Ho ricevuto tempestivamente e con piacere la comunicazione di emettere fattura relativa a una prestazione professionale effettuata a favore di un ente pubblico, con relativa richiesta di dati anagrafici e di pagamento.
Mi ha sorpreso il ricevere una comunicazione cartacea. Soprattutto, lunga quattro fogli. Il secondo unicamente per firmare, perché il documento tracimava oltre la prima pagina. Quattro fogli per questo equivalente:
L’importo è questo. Abbiamo bisogno dei dati anagrafici e delle coordinate bancarie, da inserire e inviarci. Pagheremo al ricevimento della fattura.
Chiedendomi che cosa valesse il contratto firmato al momento di effettuare la prestazione, contenente quasi tutti i dati richiesti, ho compilato. Sui fogli mancava qualsiasi riferimento immediato – telefono, email – da contattare in caso di problemi. A meno che valga il numero di centralino di un ente pubblico, il top del servizio. Mancava anche lo spazio per qualsiasi mio riferimento. E se mi scappasse un errore?
Ho cercato sul sito dell’ente una pagina per inserire rapidamente le coordinate anagrafiche e fiscali, senza trovarla. Qualcuno, posto che la raccomandata arrivi, trascriverà in un computer i dati scritti a mano. Se scapperà una inesattezza in quel momento, sarà a mia insaputa.
In teoria quei dati, oltre che per il pagamento, servirebbero a chissà quali incroci e verifiche allo scopo di escludere collusioni con il crimine organizzato. Date le premesse, mi aspetto che nessuno controlli alcunché o che avvenga con efficacia risibile.

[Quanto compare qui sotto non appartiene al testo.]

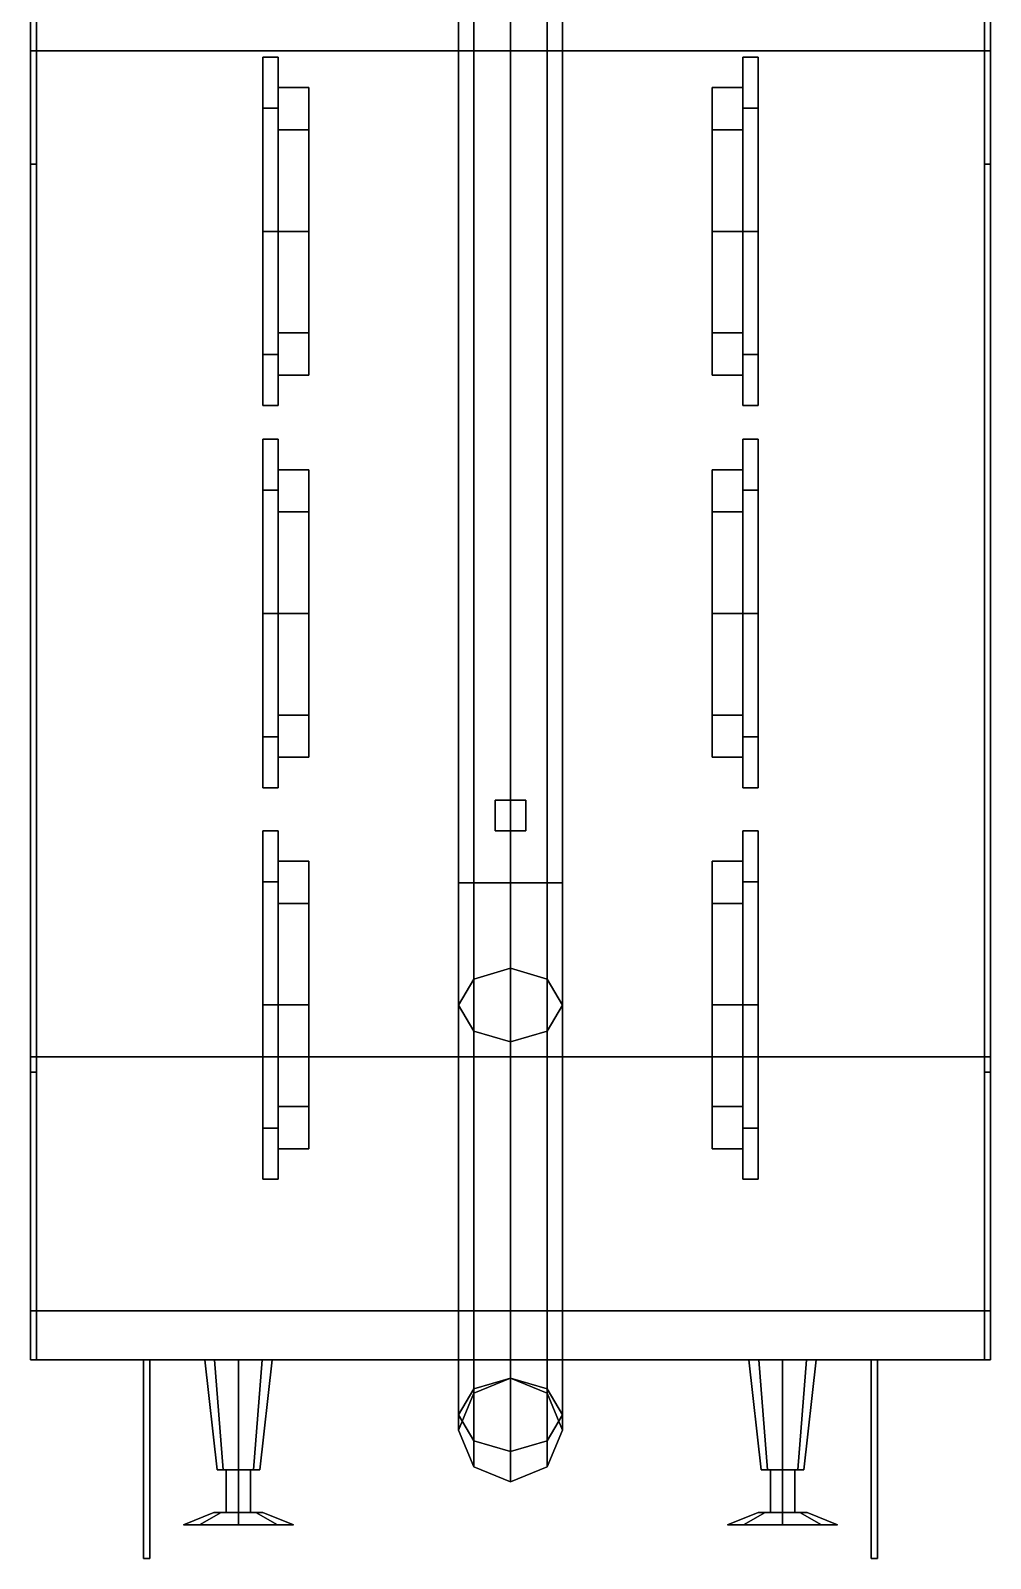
# Model space of a CAD drawing. Extents: x -1.8 to 1.8, y -7.4 to 7.5.
# Drawn here: x -1.57 to 1.57, y -7.38 to -2.383 of the extents above; entities that cross this region are included whole.
import ezdxf

# ---------------------------------------------------------------- set-up
doc = ezdxf.new("R2010")
doc.units = 0
doc.layers.get('0').update_dxf_attribs({"linetype": 'CONTINUOUS'})
doc.layers.add('BUFFER', color=1, linetype='CONTINUOUS')
doc.layers.add('WHEELS', color=2, linetype='CONTINUOUS')

msp = doc.modelspace()

# ---------------------------------------------------------------- linework, layer by layer
for points in [[(-1.57, 6.78, 0.86), (-1.57, -2.45, 0.86), (-1.57, -2.45, 1.08), (-1.57, 6.78, 1.08)], [(1.57, -2.45, 1.08), (1.57, -2.45, 0.86), (1.57, 6.78, 0.86), (1.57, 6.78, 1.08)], [(-0.1202, -5.17, 3.4698), (-0.17, -5.17, 3.59), (-0.17, 6.57, 3.59), (-0.1202, 6.57, 3.4698)], [(-0.17, -5.17, 3.59), (-0.1202, -5.17, 3.7102), (-0.1202, 6.57, 3.7102), (-0.17, 6.57, 3.59)], [(0, -5.17, 3.42), (-0.1202, -5.17, 3.4698), (-0.1202, 6.57, 3.4698), (0, 6.57, 3.42)], [(-0.1202, -5.17, 3.7102), (0, -5.17, 3.76), (0, 6.57, 3.76), (-0.1202, 6.57, 3.7102)], [(0.1202, -5.17, 3.4698), (0, -5.17, 3.42), (0, 6.57, 3.42), (0.1202, 6.57, 3.4698)], [(0, -5.17, 3.76), (0.1202, -5.17, 3.7102), (0.1202, 6.57, 3.7102), (0, 6.57, 3.76)], [(0.17, -5.17, 3.59), (0.1202, -5.17, 3.4698), (0.1202, 6.57, 3.4698), (0.17, 6.57, 3.59)], [(0.1202, -5.17, 3.7102), (0.17, -5.17, 3.59), (0.17, 6.57, 3.59), (0.1202, 6.57, 3.7102)], [(-1.55, 4.37, -0.08), (-1.55, -2.45, -0.08), (-1.57, -2.45, -0.08), (-1.57, 4.37, -0.08)], [(-1.57, 4.37, -0.08), (-1.57, -2.45, -0.08), (-1.57, -2.45, 0.86), (-1.57, 4.37, 0.86)], [(-1.55, -2.45, 0.86), (-1.55, -2.45, -0.08), (-1.55, 4.37, -0.08), (-1.55, 4.37, 0.86)], [(1.55, 4.37, -0.08), (1.55, -2.45, -0.08), (1.55, -2.45, 0.86), (1.55, 4.37, 0.86)], [(1.57, 4.37, -0.08), (1.57, -2.45, -0.08), (1.55, -2.45, -0.08), (1.55, 4.37, -0.08)], [(1.57, -2.45, 0.86), (1.57, -2.45, -0.08), (1.57, 4.37, -0.08), (1.57, 4.37, 0.86)], [(-1.57, 0.16, 1.08), (-1.57, -2.45, 1.08), (-1.57, -2.45, 3.06), (-1.57, 0.16, 3.06)], [(1.57, -2.45, 3.06), (1.57, -2.45, 1.08), (1.57, 0.16, 1.08), (1.57, 0.16, 3.06)], [(-1.57, -2.35, 3.06), (-1.57, -2.45, 3.06), (1.57, -2.45, 3.06), (1.57, -2.35, 3.06)], [(-1.57, -2.45, 0.89), (-1.57, -6.73, 0.89), (1.57, -6.73, 0.89), (1.57, -2.45, 0.89)], [(-1.57, -2.45, 0.67), (-1.57, -6.73, 0.67), (-1.57, -6.73, 0.89), (-1.57, -2.45, 0.89)], [(-1.57, -2.45, 2.99), (-1.57, -5.74, 2.99), (1.57, -5.74, 2.99), (1.57, -2.45, 2.99)], [(-1.57, -2.45, 0.89), (-1.57, -5.74, 0.89), (-1.57, -5.74, 2.99), (-1.57, -2.45, 2.99)], [(1.57, -2.45, 0.89), (1.57, -5.74, 0.89), (-1.57, -5.74, 0.89), (-1.57, -2.45, 0.89)], [(-1.57, -2.45, 0.86), (-1.57, -2.45, -0.08), (-1.55, -2.45, -0.08), (-1.55, -2.45, 0.86)], [(-1.57, -2.45, 3.06), (-1.57, -2.45, 2.99), (1.57, -2.45, 2.99), (1.57, -2.45, 3.06)], [(-1.55, -2.45, 0.67), (-1.55, -2.82, 0.04), (-1.57, -2.82, 0.04), (-1.57, -2.45, 0.67)], [(-1.57, -2.82, 0.04), (-1.57, -5.79, 0.04), (-1.57, -6.73, 0.67), (-1.57, -2.45, 0.67)], [(-1.55, -6.73, 0.67), (-1.55, -5.79, 0.04), (-1.55, -2.82, 0.04), (-1.55, -2.45, 0.67)], [(1.57, -2.45, 0.67), (1.57, -2.82, 0.04), (1.55, -2.82, 0.04), (1.55, -2.45, 0.67)], [(1.55, -2.82, 0.04), (1.55, -5.79, 0.04), (1.55, -6.73, 0.67), (1.55, -2.45, 0.67)], [(1.55, -2.45, 0.86), (1.55, -2.45, -0.08), (1.57, -2.45, -0.08), (1.57, -2.45, 0.86)], [(1.57, -6.73, 0.89), (1.57, -6.73, 0.67), (1.57, -2.45, 0.67), (1.57, -2.45, 0.89)], [(1.57, -5.74, 2.99), (1.57, -5.74, 0.89), (1.57, -2.45, 0.89), (1.57, -2.45, 2.99)], [(1.57, -6.73, 0.67), (1.57, -5.79, 0.04), (1.57, -2.82, 0.04), (1.57, -2.45, 0.67)], [(-1.55, -2.82, 0.04), (-1.55, -5.79, 0.04), (-1.57, -5.79, 0.04), (-1.57, -2.82, 0.04)], [(1.57, -2.82, 0.04), (1.57, -5.79, 0.04), (1.55, -5.79, 0.04), (1.55, -2.82, 0.04)], [(0.05, -4.9, 3.45), (0.05, -4.9, 2.99), (-0.05, -4.9, 2.99), (-0.05, -4.9, 3.45)], [(-0.05, -4.9, 2.99), (-0.05, -5, 2.99), (-0.05, -5, 3.45), (-0.05, -4.9, 3.45)], [(0.05, -5, 3.45), (0.05, -5, 2.99), (0.05, -4.9, 2.99), (0.05, -4.9, 3.45)], [(-0.05, -5, 3.45), (-0.05, -5, 2.99), (0.05, -5, 2.99), (0.05, -5, 3.45)], [(-0.1202, -5.4852, 3.3152), (-0.17, -5.5702, 3.4002), (-0.17, -5.17, 3.59), (-0.1202, -5.17, 3.4698)], [(-0.17, -5.5702, 3.4002), (-0.1202, -5.6552, 3.4852), (-0.1202, -5.17, 3.7102), (-0.17, -5.17, 3.59)], [(0, -5.45, 3.28), (-0.1202, -5.4852, 3.3152), (-0.1202, -5.17, 3.4698), (0, -5.17, 3.42)], [(-0.1202, -5.6552, 3.4852), (0, -5.6904, 3.5204), (0, -5.17, 3.76), (-0.1202, -5.17, 3.7102)], [(0.1202, -5.4852, 3.3152), (0, -5.45, 3.28), (0, -5.17, 3.42), (0.1202, -5.17, 3.4698)], [(0, -5.6904, 3.5204), (0.1202, -5.6552, 3.4852), (0.1202, -5.17, 3.7102), (0, -5.17, 3.76)], [(0.17, -5.5702, 3.4002), (0.1202, -5.4852, 3.3152), (0.1202, -5.17, 3.4698), (0.17, -5.17, 3.59)], [(0.1202, -5.6552, 3.4852), (0.17, -5.5702, 3.4002), (0.17, -5.17, 3.59), (0.1202, -5.17, 3.7102)], [(-0.1202, -6.8252, 1.8552), (-0.17, -6.9102, 1.9402), (-0.17, -5.5702, 3.4002), (-0.1202, -5.4852, 3.3152)], [(0, -6.79, 1.82), (-0.1202, -6.8252, 1.8552), (-0.1202, -5.4852, 3.3152), (0, -5.45, 3.28)], [(0.1202, -6.8252, 1.8552), (0, -6.79, 1.82), (0, -5.45, 3.28), (0.1202, -5.4852, 3.3152)], [(0.17, -6.9102, 1.9402), (0.1202, -6.8252, 1.8552), (0.1202, -5.4852, 3.3152), (0.17, -5.5702, 3.4002)], [(-0.17, -6.9102, 1.9402), (-0.1202, -6.9952, 2.0252), (-0.1202, -5.6552, 3.4852), (-0.17, -5.5702, 3.4002)], [(0.1202, -6.9952, 2.0252), (0.17, -6.9102, 1.9402), (0.17, -5.5702, 3.4002), (0.1202, -5.6552, 3.4852)], [(-0.1202, -6.9952, 2.0252), (0, -7.0304, 2.0604), (0, -5.6904, 3.5204), (-0.1202, -5.6552, 3.4852)], [(0, -7.0304, 2.0604), (0.1202, -6.9952, 2.0252), (0.1202, -5.6552, 3.4852), (0, -5.6904, 3.5204)], [(-1.57, -5.74, 2.99), (-1.57, -5.74, 2.01), (1.57, -5.74, 2.01), (1.57, -5.74, 2.99)], [(-1.57, -5.74, 2.01), (-1.57, -6.57, 2.01), (1.57, -6.57, 2.01), (1.57, -5.74, 2.01)], [(-1.57, -5.74, 0.89), (-1.57, -6.57, 0.89), (-1.57, -6.57, 2.01), (-1.57, -5.74, 2.01)], [(1.57, -5.74, 0.89), (1.57, -6.57, 0.89), (-1.57, -6.57, 0.89), (-1.57, -5.74, 0.89)], [(1.57, -6.57, 2.01), (1.57, -6.57, 0.89), (1.57, -5.74, 0.89), (1.57, -5.74, 2.01)], [(-1.57, -6.73, 0.67), (-1.57, -5.79, 0.04), (-1.55, -5.79, 0.04), (-1.55, -6.73, 0.67)], [(1.55, -6.73, 0.67), (1.55, -5.79, 0.04), (1.57, -5.79, 0.04), (1.57, -6.73, 0.67)], [(-1.57, -6.57, 2.01), (-1.57, -6.57, 0.89), (1.57, -6.57, 0.89), (1.57, -6.57, 2.01)], [(-1.57, -6.73, 0.89), (-1.57, -6.73, 0.67), (1.57, -6.73, 0.67), (1.57, -6.73, 0.89)], [(-1.2, -6.73, 0.92), (-1.2, -7.38, 0.92), (-1.18, -7.38, 0.92), (-1.18, -6.73, 0.92)], [(-1.18, -6.73, -0.09), (-1.18, -7.38, -0.09), (-1.2, -7.38, -0.09), (-1.2, -6.73, -0.09)], [(-1.18, -6.73, 0.92), (-1.18, -6.73, -0.09), (-1.2, -6.73, -0.09), (-1.2, -6.73, 0.92)], [(-1.2, -6.73, -0.09), (-1.2, -7.38, -0.09), (-1.2, -7.38, 0.92), (-1.2, -6.73, 0.92)], [(-1.18, -7.38, 0.92), (-1.18, -7.38, -0.09), (-1.18, -6.73, -0.09), (-1.18, -6.73, 0.92)], [(1.18, -6.73, -0.09), (1.18, -7.38, -0.09), (1.18, -7.38, 0.92), (1.18, -6.73, 0.92)], [(1.2, -6.73, 0.92), (1.2, -6.73, -0.09), (1.18, -6.73, -0.09), (1.18, -6.73, 0.92)], [(1.2, -6.73, -0.09), (1.2, -7.38, -0.09), (1.18, -7.38, -0.09), (1.18, -6.73, -0.09)], [(1.18, -6.73, 0.92), (1.18, -7.38, 0.92), (1.2, -7.38, 0.92), (1.2, -6.73, 0.92)], [(1.2, -7.38, 0.92), (1.2, -7.38, -0.09), (1.2, -6.73, -0.09), (1.2, -6.73, 0.92)], [(0, -6.79, 0.84), (-0.1202, -6.8398, 0.84), (-0.1202, -6.8398, 1.77), (0, -6.79, 1.77)], [(0, -6.79, 1.77), (-0.1202, -6.8398, 1.77), (-0.1202, -6.8252, 1.8552), (0, -6.79, 1.82)], [(0.1202, -6.8398, 0.84), (0, -6.79, 0.84), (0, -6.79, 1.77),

Il frusciare della carta, l’odore dell’inchiostro, l’emozione tattile dello sfogliare, sono argomenti interessanti parlando di libri. Trasferiti alla burocrazia comunalregionalstatale, inducono depressione anche se si affaccia la primavera. Invece che farneticare su open data e digital divide, cominciamo da form e database, materia da scuole medie.